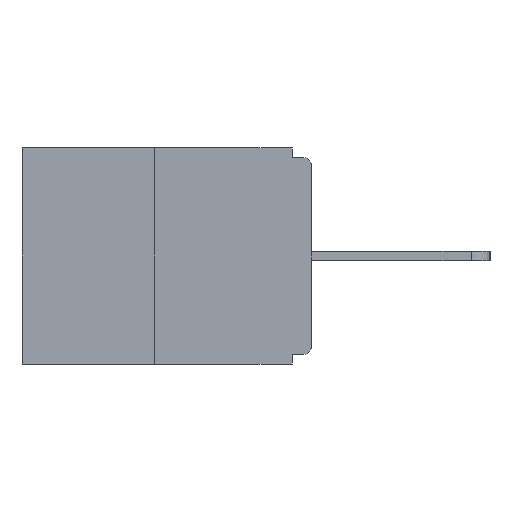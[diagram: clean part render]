
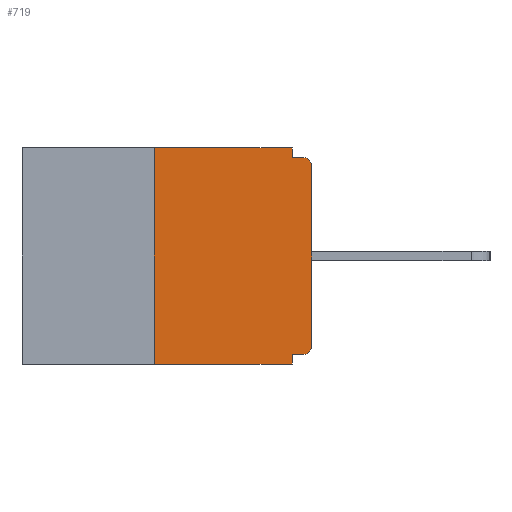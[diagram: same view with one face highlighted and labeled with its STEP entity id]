
A CAD part, left-side view. The second image highlights one B-rep face of the part: STEP entity #719.
In plain terms, the highlighted planar face has unit normal (-1, 0, 0).
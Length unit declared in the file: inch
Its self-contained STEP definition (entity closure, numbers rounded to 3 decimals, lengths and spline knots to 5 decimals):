
#126 = DIRECTION ( 'NONE',  ( 0., -1., 0. ) ) ;
#239 = DIRECTION ( 'NONE',  ( 0., 0., 1. ) ) ;
#290 = DIRECTION ( 'NONE',  ( 0., -1., 0. ) ) ;
#591 = VECTOR ( 'NONE', #10116, 39.37008 ) ;
#592 = VECTOR ( 'NONE', #1793, 39.37008 ) ;
#637 = EDGE_CURVE ( 'NONE', #10291, #11507, #8738, .T. ) ;
#719 = ADVANCED_FACE ( 'NONE', ( #7447 ), #3666, .F. ) ;
#789 = ORIENTED_EDGE ( 'NONE', *, *, #4757, .F. ) ;
#863 = LINE ( 'NONE', #10939, #592 ) ;
#873 = CARTESIAN_POINT ( 'NONE',  ( 0., 0.25, 0. ) ) ;
#1704 = CARTESIAN_POINT ( 'NONE',  ( 0., 0.46, 0. ) ) ;
#1740 = DIRECTION ( 'NONE',  ( -1., 0., 0. ) ) ;
#1793 = DIRECTION ( 'NONE',  ( 0., 0., 1. ) ) ;
#1847 = LINE ( 'NONE', #11578, #3069 ) ;
#1910 = CIRCLE ( 'NONE', #5224, 0.015 ) ;
#2091 = VERTEX_POINT ( 'NONE', #6015 ) ;
#2169 = DIRECTION ( 'NONE',  ( 0., 0., -1. ) ) ;
#2227 = DIRECTION ( 'NONE',  ( -1., 0., 0. ) ) ;
#2331 = ORIENTED_EDGE ( 'NONE', *, *, #2547, .T. ) ;
#2342 = EDGE_CURVE ( 'NONE', #5936, #8903, #7374, .T. ) ;
#2483 = ORIENTED_EDGE ( 'NONE', *, *, #2775, .T. ) ;
#2547 = EDGE_CURVE ( 'NONE', #4592, #10291, #863, .T. ) ;
#2624 = CARTESIAN_POINT ( 'NONE',  ( 0., 0.46, 0. ) ) ;
#2694 = VERTEX_POINT ( 'NONE', #5092 ) ;
#2775 = EDGE_CURVE ( 'NONE', #8818, #2091, #6390, .T. ) ;
#2864 = VECTOR ( 'NONE', #290, 39.37008 ) ;
#3030 = LINE ( 'NONE', #4143, #8489 ) ;
#3069 = VECTOR ( 'NONE', #12545, 39.37008 ) ;
#3420 = EDGE_CURVE ( 'NONE', #8818, #4256, #3030, .T. ) ;
#3666 = PLANE ( 'NONE',  #6430 ) ;
#4143 = CARTESIAN_POINT ( 'NONE',  ( 0., 0.25, 0. ) ) ;
#4256 = VERTEX_POINT ( 'NONE', #873 ) ;
#4377 = DIRECTION ( 'NONE',  ( 0., 1., 0. ) ) ;
#4575 = EDGE_CURVE ( 'NONE', #8903, #2091, #1847, .T. ) ;
#4592 = VERTEX_POINT ( 'NONE', #5552 ) ;
#4757 = EDGE_CURVE ( 'NONE', #2694, #11507, #11954, .T. ) ;
#5068 = EDGE_LOOP ( 'NONE', ( #11015, #7765, #2483, #12717, #10678, #7338, #2331, #10615, #789, #6046 ) ) ;
#5092 = CARTESIAN_POINT ( 'NONE',  ( 0., 0.031, -0.015 ) ) ;
#5144 = CARTESIAN_POINT ( 'NONE',  ( 0., 0., -0.015 ) ) ;
#5224 = AXIS2_PLACEMENT_3D ( 'NONE', #12027, #2227, #2169 ) ;
#5390 = CARTESIAN_POINT ( 'NONE',  ( 0., 0.031, 0. ) ) ;
#5540 = EDGE_CURVE ( 'NONE', #5936, #4592, #1910, .T. ) ;
#5552 = CARTESIAN_POINT ( 'NONE',  ( 0., 0., -0.313 ) ) ;
#5571 = DIRECTION ( 'NONE',  ( 0., 0., -1. ) ) ;
#5632 = DIRECTION ( 'NONE',  ( 0., 0., -1. ) ) ;
#5936 = VERTEX_POINT ( 'NONE', #6125 ) ;
#6015 = CARTESIAN_POINT ( 'NONE',  ( 0., 0.031, -0.343 ) ) ;
#6046 = ORIENTED_EDGE ( 'NONE', *, *, #6578, .F. ) ;
#6125 = CARTESIAN_POINT ( 'NONE',  ( 0., 0.015, -0.328 ) ) ;
#6169 = CARTESIAN_POINT ( 'NONE',  ( 0., 0.031, -0.328 ) ) ;
#6390 = LINE ( 'NONE', #8430, #2864 ) ;
#6430 = AXIS2_PLACEMENT_3D ( 'NONE', #2624, #10444, #5632 ) ;
#6578 = EDGE_CURVE ( 'NONE', #9125, #2694, #9363, .T. ) ;
#6613 = DIRECTION ( 'NONE',  ( 0., -1., 0. ) ) ;
#7257 = AXIS2_PLACEMENT_3D ( 'NONE', #12316, #1740, #5571 ) ;
#7297 = EDGE_CURVE ( 'NONE', #4256, #9125, #11570, .T. ) ;
#7338 = ORIENTED_EDGE ( 'NONE', *, *, #5540, .T. ) ;
#7374 = LINE ( 'NONE', #8422, #12171 ) ;
#7422 = CARTESIAN_POINT ( 'NONE',  ( 0., 0.015, -0.015 ) ) ;
#7447 = FACE_OUTER_BOUND ( 'NONE', #5068, .T. ) ;
#7634 = VECTOR ( 'NONE', #126, 39.37008 ) ;
#7658 = CARTESIAN_POINT ( 'NONE',  ( 0., 0., -0.03 ) ) ;
#7765 = ORIENTED_EDGE ( 'NONE', *, *, #3420, .F. ) ;
#8422 = CARTESIAN_POINT ( 'NONE',  ( 0., 0., -0.328 ) ) ;
#8430 = CARTESIAN_POINT ( 'NONE',  ( 0., 0.46, -0.343 ) ) ;
#8489 = VECTOR ( 'NONE', #239, 39.37008 ) ;
#8738 = CIRCLE ( 'NONE', #7257, 0.015 ) ;
#8818 = VERTEX_POINT ( 'NONE', #9181 ) ;
#8849 = CARTESIAN_POINT ( 'NONE',  ( 0., 0.031, 0. ) ) ;
#8903 = VERTEX_POINT ( 'NONE', #6169 ) ;
#9125 = VERTEX_POINT ( 'NONE', #8849 ) ;
#9181 = CARTESIAN_POINT ( 'NONE',  ( 0., 0.25, -0.343 ) ) ;
#9363 = LINE ( 'NONE', #5390, #591 ) ;
#10116 = DIRECTION ( 'NONE',  ( 0., 0., -1. ) ) ;
#10291 = VERTEX_POINT ( 'NONE', #7658 ) ;
#10444 = DIRECTION ( 'NONE',  ( 1., 0., 0. ) ) ;
#10615 = ORIENTED_EDGE ( 'NONE', *, *, #637, .T. ) ;
#10678 = ORIENTED_EDGE ( 'NONE', *, *, #2342, .F. ) ;
#10939 = CARTESIAN_POINT ( 'NONE',  ( 0., 0., 0. ) ) ;
#11015 = ORIENTED_EDGE ( 'NONE', *, *, #7297, .F. ) ;
#11507 = VERTEX_POINT ( 'NONE', #7422 ) ;
#11570 = LINE ( 'NONE', #1704, #12643 ) ;
#11578 = CARTESIAN_POINT ( 'NONE',  ( 0., 0.031, -0.343 ) ) ;
#11954 = LINE ( 'NONE', #5144, #7634 ) ;
#12027 = CARTESIAN_POINT ( 'NONE',  ( 0., 0.015, -0.313 ) ) ;
#12171 = VECTOR ( 'NONE', #4377, 39.37008 ) ;
#12316 = CARTESIAN_POINT ( 'NONE',  ( 0., 0.015, -0.03 ) ) ;
#12545 = DIRECTION ( 'NONE',  ( 0., 0., -1. ) ) ;
#12643 = VECTOR ( 'NONE', #6613, 39.37008 ) ;
#12717 = ORIENTED_EDGE ( 'NONE', *, *, #4575, .F. ) ;

DIRECTIONS FOR THIS TASK:
Only the lines above starting at the one containing "#5144 = CARTESIAN_POINT" and ending at the one containing "#10939 = CARTESIAN_POINT", both included, are to be returned, exactly as they read.

TASK OUTPUT:
#5144 = CARTESIAN_POINT ( 'NONE',  ( 0., 0., -0.015 ) ) ;
#5224 = AXIS2_PLACEMENT_3D ( 'NONE', #12027, #2227, #2169 ) ;
#5390 = CARTESIAN_POINT ( 'NONE',  ( 0., 0.031, 0. ) ) ;
#5540 = EDGE_CURVE ( 'NONE', #5936, #4592, #1910, .T. ) ;
#5552 = CARTESIAN_POINT ( 'NONE',  ( 0., 0., -0.313 ) ) ;
#5571 = DIRECTION ( 'NONE',  ( 0., 0., -1. ) ) ;
#5632 = DIRECTION ( 'NONE',  ( 0., 0., -1. ) ) ;
#5936 = VERTEX_POINT ( 'NONE', #6125 ) ;
#6015 = CARTESIAN_POINT ( 'NONE',  ( 0., 0.031, -0.343 ) ) ;
#6046 = ORIENTED_EDGE ( 'NONE', *, *, #6578, .F. ) ;
#6125 = CARTESIAN_POINT ( 'NONE',  ( 0., 0.015, -0.328 ) ) ;
#6169 = CARTESIAN_POINT ( 'NONE',  ( 0., 0.031, -0.328 ) ) ;
#6390 = LINE ( 'NONE', #8430, #2864 ) ;
#6430 = AXIS2_PLACEMENT_3D ( 'NONE', #2624, #10444, #5632 ) ;
#6578 = EDGE_CURVE ( 'NONE', #9125, #2694, #9363, .T. ) ;
#6613 = DIRECTION ( 'NONE',  ( 0., -1., 0. ) ) ;
#7257 = AXIS2_PLACEMENT_3D ( 'NONE', #12316, #1740, #5571 ) ;
#7297 = EDGE_CURVE ( 'NONE', #4256, #9125, #11570, .T. ) ;
#7338 = ORIENTED_EDGE ( 'NONE', *, *, #5540, .T. ) ;
#7374 = LINE ( 'NONE', #8422, #12171 ) ;
#7422 = CARTESIAN_POINT ( 'NONE',  ( 0., 0.015, -0.015 ) ) ;
#7447 = FACE_OUTER_BOUND ( 'NONE', #5068, .T. ) ;
#7634 = VECTOR ( 'NONE', #126, 39.37008 ) ;
#7658 = CARTESIAN_POINT ( 'NONE',  ( 0., 0., -0.03 ) ) ;
#7765 = ORIENTED_EDGE ( 'NONE', *, *, #3420, .F. ) ;
#8422 = CARTESIAN_POINT ( 'NONE',  ( 0., 0., -0.328 ) ) ;
#8430 = CARTESIAN_POINT ( 'NONE',  ( 0., 0.46, -0.343 ) ) ;
#8489 = VECTOR ( 'NONE', #239, 39.37008 ) ;
#8738 = CIRCLE ( 'NONE', #7257, 0.015 ) ;
#8818 = VERTEX_POINT ( 'NONE', #9181 ) ;
#8849 = CARTESIAN_POINT ( 'NONE',  ( 0., 0.031, 0. ) ) ;
#8903 = VERTEX_POINT ( 'NONE', #6169 ) ;
#9125 = VERTEX_POINT ( 'NONE', #8849 ) ;
#9181 = CARTESIAN_POINT ( 'NONE',  ( 0., 0.25, -0.343 ) ) ;
#9363 = LINE ( 'NONE', #5390, #591 ) ;
#10116 = DIRECTION ( 'NONE',  ( 0., 0., -1. ) ) ;
#10291 = VERTEX_POINT ( 'NONE', #7658 ) ;
#10444 = DIRECTION ( 'NONE',  ( 1., 0., 0. ) ) ;
#10615 = ORIENTED_EDGE ( 'NONE', *, *, #637, .T. ) ;
#10678 = ORIENTED_EDGE ( 'NONE', *, *, #2342, .F. ) ;
#10939 = CARTESIAN_POINT ( 'NONE',  ( 0., 0., 0. ) ) ;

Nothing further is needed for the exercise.